Sunday 15 May 2016

Photo Sadness

I'm feeling sad this morning. It's not because of ALS, although it could be a winner for sad-making pretty much every day of the week. No, this mornings sadness has to do with one of the side effects of my divorce. It actually started last night. I had visitors, including three young men, ages 8, 10, and 16. It reminded me of how much I love children, and how much I miss having my own. Those were wonderful years, when my kids were little. Those memories can still bring both a smile and a tear to me.

The sad part, for me, comes in two forms. First, I don't see my grandchildren often enough. That is mostly my fault; I am the one, after all, who moved to Calgary. It's expensive for my children to come here, expensive enough that it rarely happens. Second, other than those which I got from my Dad and a couple which I have digitized, I have no pictures of my children in their younger years. The notable exception is Ricky. Thanks to digital photography, I managed to keep copies of most of our pictures from 2002 onward, a time when Ricky was only 12 years old. So I have his teenage years.

It is my ex-wife's revenge, a spitefulness and cruelty, that she will not share with me any of our family photo albums. Her reasoning, as it has been explained to me, is that she is afraid she will not get those albums back after I die. I see the fear, irrational as it is, but I think it is more than that. My feeling is that she doesn't think I deserve to have these memories, since I "abandoned" her and our children when I left her, notwithstanding that our children were all adults and had pretty much all left home. This is another way for her to punish and control me, albeit a failing one.

This means I have no pictures of our children's early years; no baby photos, no childhood or pre-school photos, nothing from picture day at school, nothing from their graduation, no Christmas pictures with children climbing over mounds of gifts, no days at the beach, no pictures of them fishing at the lake. There are a million memories, but I would like to see a few pictures.

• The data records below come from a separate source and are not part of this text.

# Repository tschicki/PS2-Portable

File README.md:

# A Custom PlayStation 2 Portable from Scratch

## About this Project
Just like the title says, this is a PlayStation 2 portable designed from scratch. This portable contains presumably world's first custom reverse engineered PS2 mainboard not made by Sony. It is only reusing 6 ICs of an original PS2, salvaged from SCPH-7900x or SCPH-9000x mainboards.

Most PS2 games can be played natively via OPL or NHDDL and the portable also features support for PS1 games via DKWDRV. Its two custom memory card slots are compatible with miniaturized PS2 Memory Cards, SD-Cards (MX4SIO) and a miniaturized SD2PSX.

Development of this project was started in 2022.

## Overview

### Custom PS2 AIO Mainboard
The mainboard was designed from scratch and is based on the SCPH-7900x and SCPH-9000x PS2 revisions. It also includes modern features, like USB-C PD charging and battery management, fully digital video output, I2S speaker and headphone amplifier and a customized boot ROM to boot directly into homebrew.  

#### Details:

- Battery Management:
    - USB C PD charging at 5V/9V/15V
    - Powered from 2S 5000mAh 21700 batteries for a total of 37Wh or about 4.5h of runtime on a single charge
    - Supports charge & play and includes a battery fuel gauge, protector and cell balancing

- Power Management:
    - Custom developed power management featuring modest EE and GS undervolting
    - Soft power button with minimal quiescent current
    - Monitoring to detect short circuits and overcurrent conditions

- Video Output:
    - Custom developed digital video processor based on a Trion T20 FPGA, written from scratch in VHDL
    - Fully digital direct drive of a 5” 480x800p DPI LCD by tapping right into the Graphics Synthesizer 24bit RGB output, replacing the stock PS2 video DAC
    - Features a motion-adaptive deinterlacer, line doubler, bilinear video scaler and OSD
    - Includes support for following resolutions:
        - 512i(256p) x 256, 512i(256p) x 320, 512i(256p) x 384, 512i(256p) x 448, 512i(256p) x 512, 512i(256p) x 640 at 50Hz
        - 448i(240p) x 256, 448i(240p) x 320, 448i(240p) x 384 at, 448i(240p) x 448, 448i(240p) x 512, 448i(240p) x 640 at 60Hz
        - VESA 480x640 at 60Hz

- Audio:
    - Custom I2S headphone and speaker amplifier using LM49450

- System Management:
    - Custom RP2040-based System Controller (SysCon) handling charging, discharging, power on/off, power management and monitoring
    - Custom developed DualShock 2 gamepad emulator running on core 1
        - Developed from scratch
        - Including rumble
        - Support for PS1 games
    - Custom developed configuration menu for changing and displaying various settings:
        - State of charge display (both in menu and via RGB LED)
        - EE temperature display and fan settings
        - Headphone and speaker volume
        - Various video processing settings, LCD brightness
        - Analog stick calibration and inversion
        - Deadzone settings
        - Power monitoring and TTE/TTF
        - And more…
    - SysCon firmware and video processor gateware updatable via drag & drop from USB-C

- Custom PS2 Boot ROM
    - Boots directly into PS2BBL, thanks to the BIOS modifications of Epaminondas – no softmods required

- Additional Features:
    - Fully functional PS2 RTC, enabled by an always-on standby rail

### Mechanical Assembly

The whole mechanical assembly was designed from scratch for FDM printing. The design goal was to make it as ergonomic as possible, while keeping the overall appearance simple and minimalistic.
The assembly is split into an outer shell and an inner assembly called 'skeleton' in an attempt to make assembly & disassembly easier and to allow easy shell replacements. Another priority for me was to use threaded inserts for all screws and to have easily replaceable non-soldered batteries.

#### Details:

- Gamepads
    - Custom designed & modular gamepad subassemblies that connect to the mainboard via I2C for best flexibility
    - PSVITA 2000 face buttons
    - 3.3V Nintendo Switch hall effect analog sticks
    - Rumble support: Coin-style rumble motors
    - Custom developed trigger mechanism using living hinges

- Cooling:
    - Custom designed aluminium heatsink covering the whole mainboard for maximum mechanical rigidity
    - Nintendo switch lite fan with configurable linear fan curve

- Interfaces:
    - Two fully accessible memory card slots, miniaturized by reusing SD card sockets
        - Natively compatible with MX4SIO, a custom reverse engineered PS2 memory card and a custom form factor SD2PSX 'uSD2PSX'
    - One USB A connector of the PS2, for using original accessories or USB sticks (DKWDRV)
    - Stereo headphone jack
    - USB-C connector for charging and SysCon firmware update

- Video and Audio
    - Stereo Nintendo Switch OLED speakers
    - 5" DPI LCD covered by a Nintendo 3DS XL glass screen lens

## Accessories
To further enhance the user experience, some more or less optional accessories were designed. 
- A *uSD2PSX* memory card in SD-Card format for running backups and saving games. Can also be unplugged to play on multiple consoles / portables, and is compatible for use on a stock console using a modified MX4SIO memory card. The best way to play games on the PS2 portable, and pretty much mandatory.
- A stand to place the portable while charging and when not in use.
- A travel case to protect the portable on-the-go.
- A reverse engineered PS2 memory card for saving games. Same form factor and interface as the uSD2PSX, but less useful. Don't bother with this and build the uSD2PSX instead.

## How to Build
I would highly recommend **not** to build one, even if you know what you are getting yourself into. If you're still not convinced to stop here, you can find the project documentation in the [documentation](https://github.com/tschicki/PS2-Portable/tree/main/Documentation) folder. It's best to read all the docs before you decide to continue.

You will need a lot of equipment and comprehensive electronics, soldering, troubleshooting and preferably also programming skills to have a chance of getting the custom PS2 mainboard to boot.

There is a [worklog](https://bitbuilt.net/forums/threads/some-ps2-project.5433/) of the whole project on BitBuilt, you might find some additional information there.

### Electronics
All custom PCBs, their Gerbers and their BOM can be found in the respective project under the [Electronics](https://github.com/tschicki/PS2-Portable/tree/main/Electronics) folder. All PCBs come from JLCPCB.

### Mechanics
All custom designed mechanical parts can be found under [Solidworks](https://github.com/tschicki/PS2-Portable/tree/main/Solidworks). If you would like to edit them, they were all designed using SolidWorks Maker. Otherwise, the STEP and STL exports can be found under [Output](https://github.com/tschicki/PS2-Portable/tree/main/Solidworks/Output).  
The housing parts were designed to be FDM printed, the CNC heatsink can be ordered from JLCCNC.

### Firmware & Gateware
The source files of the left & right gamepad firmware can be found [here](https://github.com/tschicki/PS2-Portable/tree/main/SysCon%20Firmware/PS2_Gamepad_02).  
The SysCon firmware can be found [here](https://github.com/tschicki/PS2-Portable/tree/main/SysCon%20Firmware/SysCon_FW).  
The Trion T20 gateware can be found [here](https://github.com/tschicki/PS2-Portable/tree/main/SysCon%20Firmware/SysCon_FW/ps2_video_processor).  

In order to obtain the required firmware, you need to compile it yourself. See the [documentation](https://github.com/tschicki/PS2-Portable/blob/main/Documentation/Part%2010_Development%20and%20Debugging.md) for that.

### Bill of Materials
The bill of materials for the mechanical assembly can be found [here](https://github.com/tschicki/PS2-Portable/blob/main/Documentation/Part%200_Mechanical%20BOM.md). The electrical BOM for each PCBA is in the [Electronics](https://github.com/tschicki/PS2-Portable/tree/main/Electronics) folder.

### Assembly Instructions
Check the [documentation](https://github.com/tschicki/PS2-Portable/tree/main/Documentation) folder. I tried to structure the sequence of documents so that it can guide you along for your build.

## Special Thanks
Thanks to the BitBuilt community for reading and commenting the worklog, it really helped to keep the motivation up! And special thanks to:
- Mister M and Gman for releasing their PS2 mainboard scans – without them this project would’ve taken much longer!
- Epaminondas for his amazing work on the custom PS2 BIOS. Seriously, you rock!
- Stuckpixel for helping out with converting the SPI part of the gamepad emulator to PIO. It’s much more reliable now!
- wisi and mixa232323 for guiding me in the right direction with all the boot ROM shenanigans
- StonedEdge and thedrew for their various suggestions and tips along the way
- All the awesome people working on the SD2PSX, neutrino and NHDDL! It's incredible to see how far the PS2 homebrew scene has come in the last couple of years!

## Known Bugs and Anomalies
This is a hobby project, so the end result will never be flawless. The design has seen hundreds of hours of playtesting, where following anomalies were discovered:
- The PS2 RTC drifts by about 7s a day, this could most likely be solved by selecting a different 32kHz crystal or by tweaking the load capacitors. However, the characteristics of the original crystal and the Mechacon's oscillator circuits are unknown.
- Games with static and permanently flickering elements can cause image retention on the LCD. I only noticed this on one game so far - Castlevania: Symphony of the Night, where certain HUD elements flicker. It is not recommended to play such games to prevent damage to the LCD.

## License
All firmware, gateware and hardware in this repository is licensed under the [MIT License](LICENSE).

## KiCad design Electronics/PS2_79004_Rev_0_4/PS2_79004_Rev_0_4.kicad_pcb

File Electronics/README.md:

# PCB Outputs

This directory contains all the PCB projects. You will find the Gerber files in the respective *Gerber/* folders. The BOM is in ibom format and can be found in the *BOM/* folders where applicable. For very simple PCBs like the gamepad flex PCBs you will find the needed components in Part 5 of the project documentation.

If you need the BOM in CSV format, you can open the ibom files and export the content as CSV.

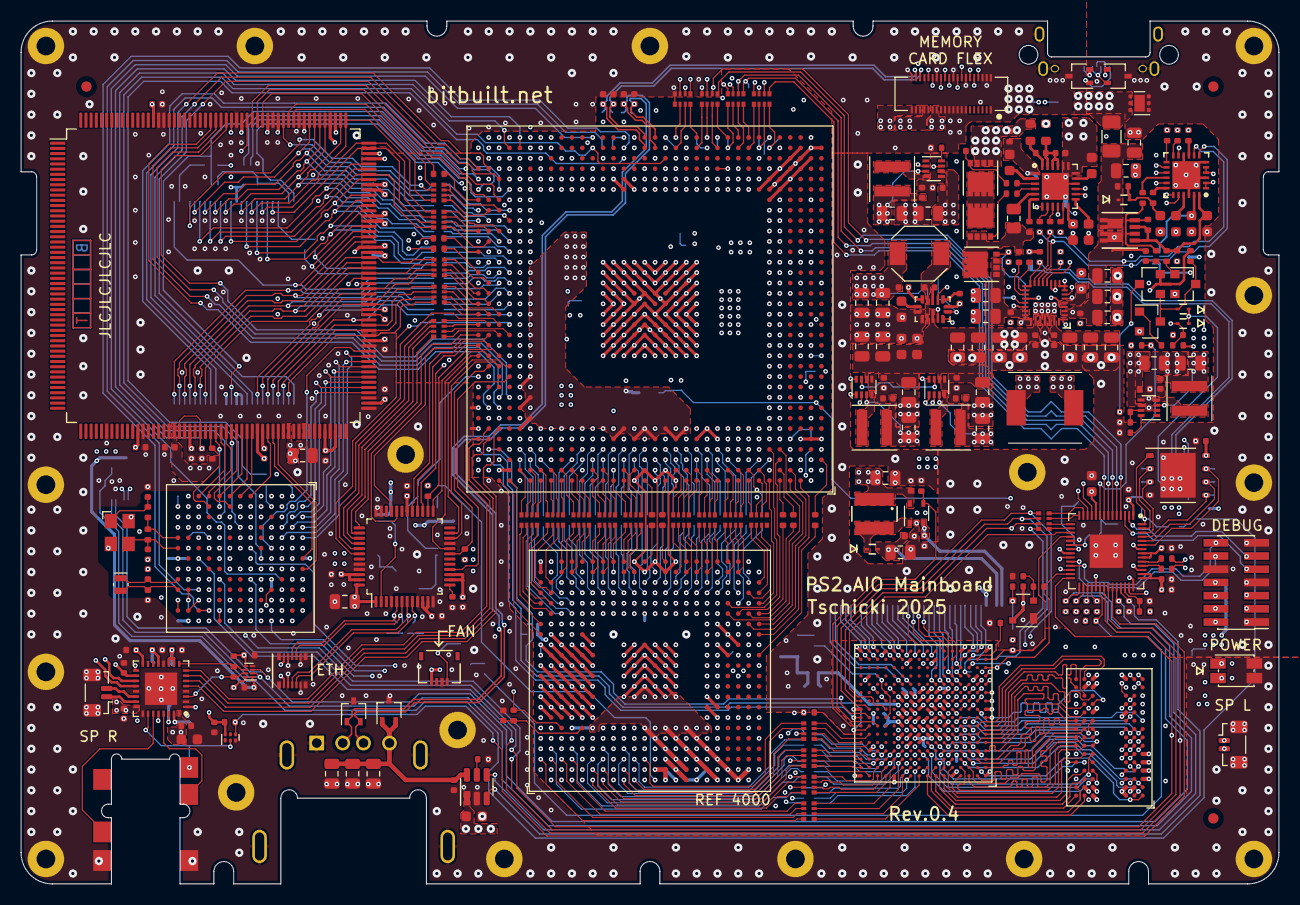
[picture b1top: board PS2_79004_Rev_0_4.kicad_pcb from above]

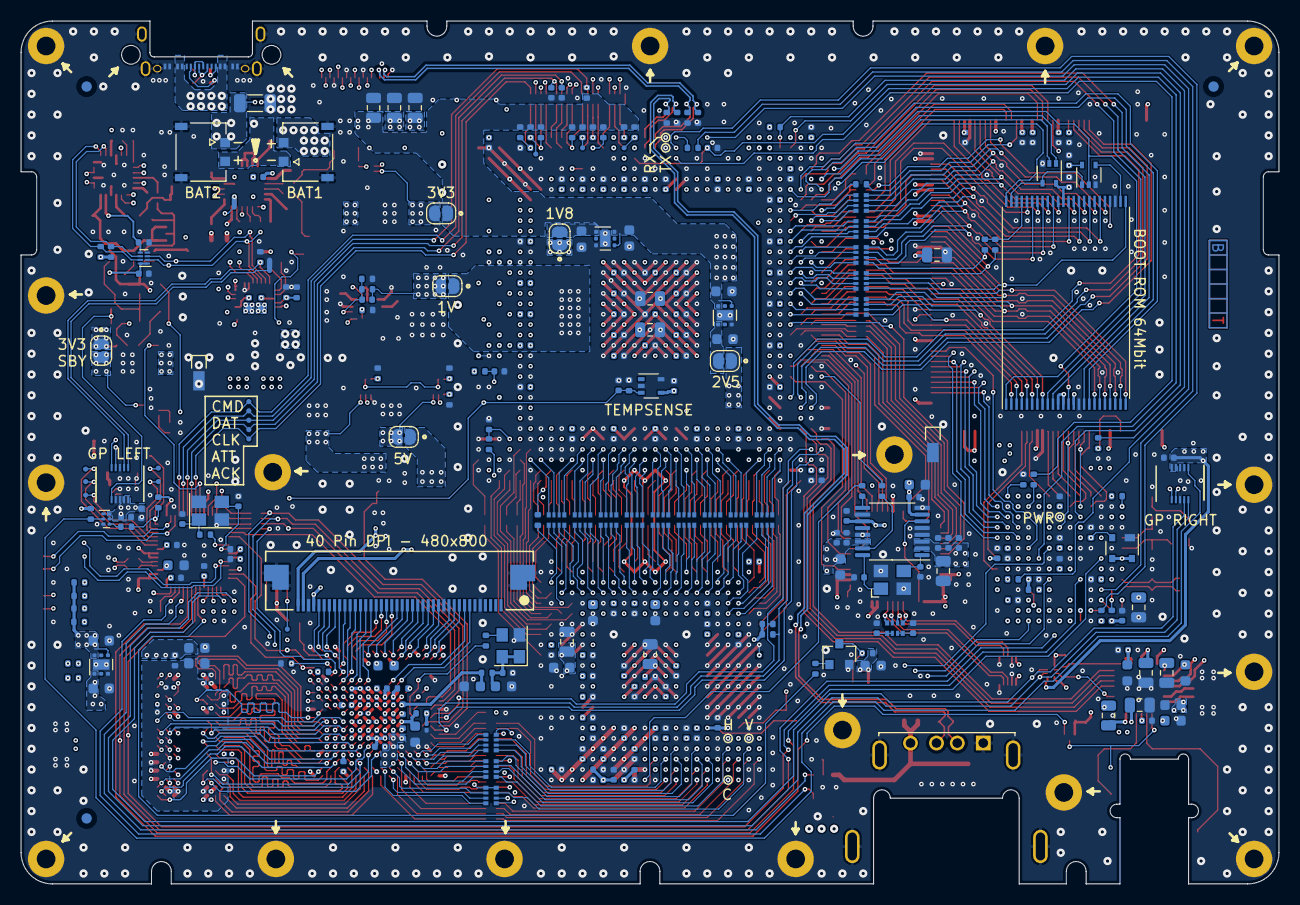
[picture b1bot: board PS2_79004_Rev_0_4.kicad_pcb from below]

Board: 6 copper layers, 121.0 x 83.0 mm, 770 parts (488 on the bottom side), 807 nets.

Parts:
C201, C202, C1402, C2002, C2003, C2105, C2106, C2112, C2504: 2u2; C_0805_2012Metric
C203, C204, C205, C206, C605, C616, C806, C809, C2107, C2114, C2115, C2118, C2119, C2202, C2205, C2208: 1u; C_0603_1608Metric
C207, C208, C306, C309, C314, C318, C325, C328, C401, C510, C511, C512, C513, C516, C517, C518, C519, C532, C601, C602, C606, C607, C608, C609, C610, C611, C612, C613, C614, C615, C801, C805, C810, C901, C905, C906, C907, C908, C909, C910, C911, C912, C913, C914, C916, C917, C918, C919, C920, C921, C922, C923, C924, C925, C926, C927, C928, C929, C930, C931, C932, C933, C934, C935, C936, C937, C938, C939, C944, C1301, C1401, C1403, C1404, C1405, C1406, C1407, C1408, C1409, C1503, C1504, C1507, C1601, C1602, C1701, C1702, C1802, C1803, C1804, C1805, C1806, C1807, C1808, C1809, C1810, C1811, C1813, C1814, C1815, C1816, C1817, C1818, C2001, C2004, C2005, C2006, C2007, C2008, C2101, C2102, C2104, C2108, C2109, C2110, C2111, C2113, C2116, C2117, C2201, C2203, C2204, C2206, C2207, C2209, C2210, C2213, C2215, C2216, C2217, C2218, C2219, C2220, C2221, C2222, C2223, C2224, C2225, C2226, C2227, C2229, C2230, C2231, C2232, C2233, C2234, C2235, C2236, C2237, C2502, C2903, C3005, C3006: 100n; C_0402_1005Metric
C301, C302, C303, C304, C305, C307, C316, C319, C320, C321, C322, C323, C501, C502, C1801, C1812, C2103, C2501: 10u; C_0805_2012Metric
C308, C503, C506, C509, C528, C529, C530, C531, C534, C535, C538, C2601, C2608, C2801, C2814, C3004: 4u7; C_0603_1608Metric
C310, C311: 47n; C_0402_1005Metric
C312, C315, C317, C324, C2901, C2902: 470n; C_0603_1608Metric
C313, C803, C808, C811, C1303, C2212, C2228, C2301, C2503: 1n; C_0402_1005Metric
C326, C327, C525, C807, C902, C903, C904, C915, C940: 10n; C_0402_1005Metric
C504, C505, C507, C508, C521, C522, C523, C524, C533, C536, C537, C942, C943, C2211, C2214, C3001, C3002, C3003: 22u; C_0805_2012Metric
C514, C2602, C2618, C2625, C2626, C2627, C2628: 220n; C_0402_1005Metric
C515: 22n; C_0402_1005Metric
C520: 270p; C_0402_1005Metric
C526, C527: 47u; C_0805_2012Metric
C603, C604, C1501, C1502, C1505, C1506: 15p; C_0402_1005Metric
C802, C804, C1302: 5p; C_0402_1005Metric
C941, C2401, C2402, C2403, C2404, C2405, C2406, C2407: 100p; C_0402_1005Metric
C2603, C2604, C2605, C2606, C2607, C2609, C2610, C2611, C2612, C2613, C2614, C2615, C2616, C2617, C2619, C2620, C2621, C2622, C2623, C2624, C2802, C2803, C2804, C2805, C2806, C2807, C2808, C2809, C2810, C2811, C2812, C2813: 100n; C_0201_0603Metric
D201, D202, D3001, D3002: ESDA25W; SOT-323_SC-70
D203, D401, D402, D2501: D_Schottky; SOD-923_0P6X0P85_ONS
D1501: Power LED; LED_Lite-ON_LTST-C155
F201: Fuse; Fuse_1206_3216Metric
FB2601, FB2801, FB2901: 33R @ 100MHz; R_0402_1005Metric
FID3001, FID3002, FID3003, FID3004, FID3005, FID3006: Fiducial; Fiducial_1mm_Mask2mm
J301: BAT1; MOLEX_2082940020_2pin
J302: BAT2; MOLEX_2082940020_2pin
J2101: LEFT SPEAKER; JST_SUR_BM02B-SURS-TF_1x02-1MP_P0.80mm_Vertical
J2102: RIGHT SPEAKER; JST_SUR_BM02B-SURS-TF_1x02-1MP_P0.80mm_Vertical
J2103: SJ-43504-SMT-TR; CUI_SJ-43504-SMT-TR
J2501: Conn_01x40_MountingPin; CONN_62684402100ALF_AMP
J3001: EXPANSION HDR; DF40C-40DS-0.4V
J3002: ETH; DF40C-10DP-0.4V51_HIR
J3003: USB_A; PS2_USB_mid_mount
J3004: GAMEPAD LEFT; DF40C-10DS-0.4V51_HIR
J3005: GAMEPAD RIGHT; DF40C-10DS-0.4V51_HIR
J3006: Debug; FTSH-107-01-F-DV-K-P-TR
J3007: 2328702-4; TE_2328702-4
JP501, JP502, JP503, JP504, JP505, JP506: Jumper_2_Bridged; SolderJumper-2_P1.3mm_Open_RoundedPad1.0x1.5mm
L301: 1uH; L_TDK_SPM6530
L501, L502, L503, L504: 2u2; L_Coilcraft_XGL4020
L505: 1u; SPM5030T-1R0M
L2501: 4u7; IND_TAIYO_NRS4012_TAY
NT301, NT302: NetTie_2; NetTie-2_SMD_Pad0.5mm
P201: CX90MW6-16P; CX90_632x232_HIR
Q201: Q_SI7223DN; PowerPAK1212-8_VIS
Q301, Q302, Q303: CSD17575Q3; CSD17308Q3
Q401, Q402, Q601: DMN67D8L; SOT-23
Q403: BSS84AK; SOT-23
R201, R1701, R1702: 560R; R_0402_1005Metric
R202, R205, R311, R313, R406, R604, R606, R614, R616, R1304, R1305, R1307, R1504, R1505, R1507, R1508, R1510, R2001, R2307, R2401, R2402, R2403, R2404, R2405, R2406, R2408, R2409, R2411, R2412: 1k; R_0402_1005Metric
R203, R206, R207, R211, R309, R401, R404, R507, R607, R610, R2101: 100k; R_0402_1005Metric
R204, R509, R2407, R2410, R2413, R2414: 15k; R_0402_1005Metric
R208, R209, R301, R601, R608, R609, R611, R612, R613, R2103, R2104: 2k2; R_0402_1005Metric
R210, R306: 100R; R_0402_1005Metric
R302, R303, R2902: 12k; R_0402_1005Metric
R304, R305, R314, R315, R1301, R1302, R1303, R1306, R1509, R2301, R2302, R2303, R2304, R2305, R2306, R2308: 68R; R_0402_1005Metric
R307: 30k; R_0402_1005Metric
R308: 5k23; R_0402_1005Metric
R310: 270R; R_0805_2012Metric
R312: 0R01; R_1206_3216Metric
R316: 10R; R_0402_1005Metric
R317, R318: 68R; R_0603_1608Metric
R402, R403, R405, R407, R501, R508, R605, R615, R1201, R1202, R1501, R1502, R1503, R1514, R1601, R2102, R2501, R2701, R2702, R2703, R2704, R2705, R2706, R2707, R2708, R2709, R2710, R2711: 10k; R_0402_1005Metric
R502, R503, R504, R505: 42k2; R_0402_1005Metric
R506: 6k8; R_0402_1005Metric
R510, R1512, R1515: 45k3; R_0402_1005Metric
R602, R603, R801, R802, R1506, R2901: 22R; R_0402_1005Metric
R1511: 1M; R_0402_1005Metric
R1513, R2002: 1K5; R_0402_1005Metric
R2003: 1K2; R_0402_1005Metric
R2502: 5R6; R_0402_1005Metric
RN601, RN1301, RN1302, RN1303, RN1304, RN1305, RN1306, RN1307, RN1308, RN1309, RN2001, RN2301, RN2302, RN2303, RN2304, RN2305, RN2306, RN2307, RN2308, RN2309, RN2310, RN2311, RN2312, RN2313, RN2314, RN2315, RN2316, RN2317, RN2318, RN2319, RN2320, RN2321, RN2322, RN2323, RN2324, RN2325, RN2401, RN2402, RN2403, RN2404: 68R; R_Array_Convex_4x0402
RN2002: 51R; R_Array_Convex_4x0402
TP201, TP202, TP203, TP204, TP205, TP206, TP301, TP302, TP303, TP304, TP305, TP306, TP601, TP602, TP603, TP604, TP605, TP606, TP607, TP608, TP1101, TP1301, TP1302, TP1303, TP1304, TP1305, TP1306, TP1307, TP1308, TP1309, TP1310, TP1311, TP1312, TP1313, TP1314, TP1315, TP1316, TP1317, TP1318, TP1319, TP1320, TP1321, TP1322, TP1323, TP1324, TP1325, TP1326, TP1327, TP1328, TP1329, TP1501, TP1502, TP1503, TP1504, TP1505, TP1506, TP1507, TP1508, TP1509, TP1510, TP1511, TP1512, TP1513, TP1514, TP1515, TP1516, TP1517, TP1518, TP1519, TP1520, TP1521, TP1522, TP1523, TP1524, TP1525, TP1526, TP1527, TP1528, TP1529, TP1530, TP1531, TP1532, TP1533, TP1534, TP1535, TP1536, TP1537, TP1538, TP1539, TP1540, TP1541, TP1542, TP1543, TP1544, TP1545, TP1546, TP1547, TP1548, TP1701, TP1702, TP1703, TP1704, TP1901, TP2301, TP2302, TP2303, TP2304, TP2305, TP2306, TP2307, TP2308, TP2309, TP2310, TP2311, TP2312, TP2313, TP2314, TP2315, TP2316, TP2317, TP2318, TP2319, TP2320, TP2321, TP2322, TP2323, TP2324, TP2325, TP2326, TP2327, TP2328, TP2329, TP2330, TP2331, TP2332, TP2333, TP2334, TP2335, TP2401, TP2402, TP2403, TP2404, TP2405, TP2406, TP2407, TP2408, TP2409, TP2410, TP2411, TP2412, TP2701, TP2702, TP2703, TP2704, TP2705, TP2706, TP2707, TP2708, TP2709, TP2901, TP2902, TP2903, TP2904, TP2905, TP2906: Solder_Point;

That's what is making me sad, that I should be denied this small pleasure, the gift of pictures from years gone by. I wish there was some court I could go to, some judge or commission I could appeal to. But they are her possessions, kept by her during the divorce. It did not occur to me that she could be so cruel and spiteful. I should have known better. As the saying goes, "Hell hath no fury like a woman scorned."

So I remember, then realize how much I cannot remember. And I get sad.

1 comment:

  1. One of your kids should take the photos to be copied at Walgreens. Or, one of your kids can scan each and every photo for you on their computer and email pics to you. This is it an easy fix. But your kids have to do it.